Non-small cell lung cancer is usually associated with a history of smoking, passive smoking or radon exposure. More than 87 percent of lung cancers are caused directly by smoking, while some of the remainder is caused by environmental exposure to tobacco smoke. Other risk factors for lung cancer include a family or personal history of lung cancer and exposure to cancer-causing agents in the workplace or the environment. Asbestos workers are about seven times more likely to die of lung cancer compared to the general population. Exposure to asbestos fibres is an important risk factor for lung cancer. Asbestos workers who smoke have a 50 to 90 times greater chance of getting lung cancer than that of the population in general. Radon, a radioactive gas that occurs when uranium breaks down naturally, cannot be seen, tasted, or smelled. It can become more concentrated indoors and may pose a cancer risk. Studies from populated areas in parts of the United States built over soil with natural uranium deposits have found that the risk of lung cancer may be doubled or even tripled after one has lived in a radon-contaminated residence for an extended period of time. However, when compared to the lung cancer risk associated with tobacco, the radon risk cited in the example above is very small.

What are the symptoms of epidermoid carcinoma?
Although some cancers do not have any symptoms at first, this type of cancer is diagnosed because of complaints such as a persistent cough, coughing up of blood, shortness of breath or wheezing, unexplained weight loss or loss of appetite, fatigue, difficulty swallowing, pain in the chest, shoulder or arm, recurrent pneumonia in the same place, bone pain, hoarseness, headaches, confusion or seizures and swelling of the face, neck or upper extremities.

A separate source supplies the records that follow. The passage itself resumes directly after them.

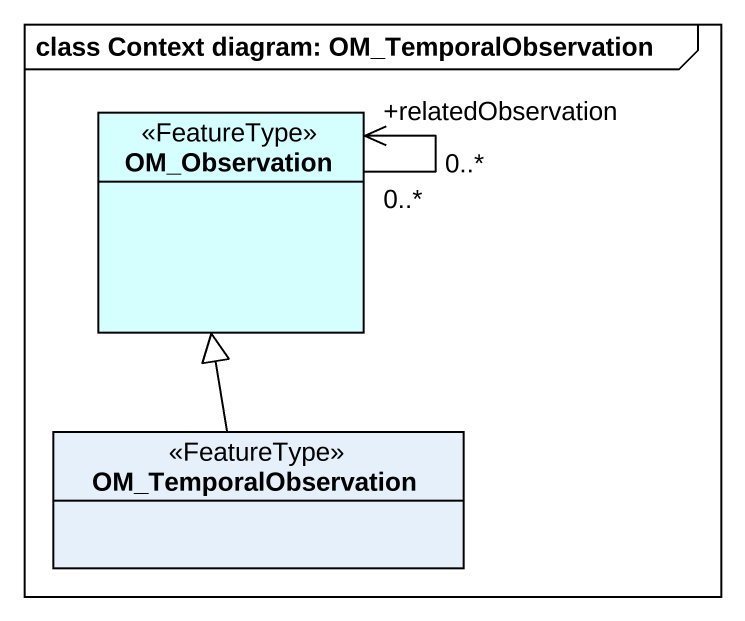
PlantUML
@startuml
mainframe class Context diagram: OM_TemporalObservation
hide circle
hide empty members
class OM_Observation <<FeatureType>> #D5FFFF
class OM_TemporalObservation <<FeatureType>>
OM_Observation "0..*" --> "+relatedObservation\n0..*" OM_Observation
OM_TemporalObservation -up-|> OM_Observation
@enduml

Cancer that has spread to the lungs
Secondary cancer is cancer that has spread from somewhere else in the body.  There are quite a few different cancers that can spread to the lungs, including breast cancer and bowel cancer. 

It is important to know what you are dealing with so that you can find the right information.  The choice of cancer treatment depends on where the cancer started.  When cancer spreads to the lung from the breast, the cells are breast cancer cells, not lung cancer cells.  So they respond to breast cancer treatments.   And cancer that has spread from the bowel should respond to bowel cancer treatments.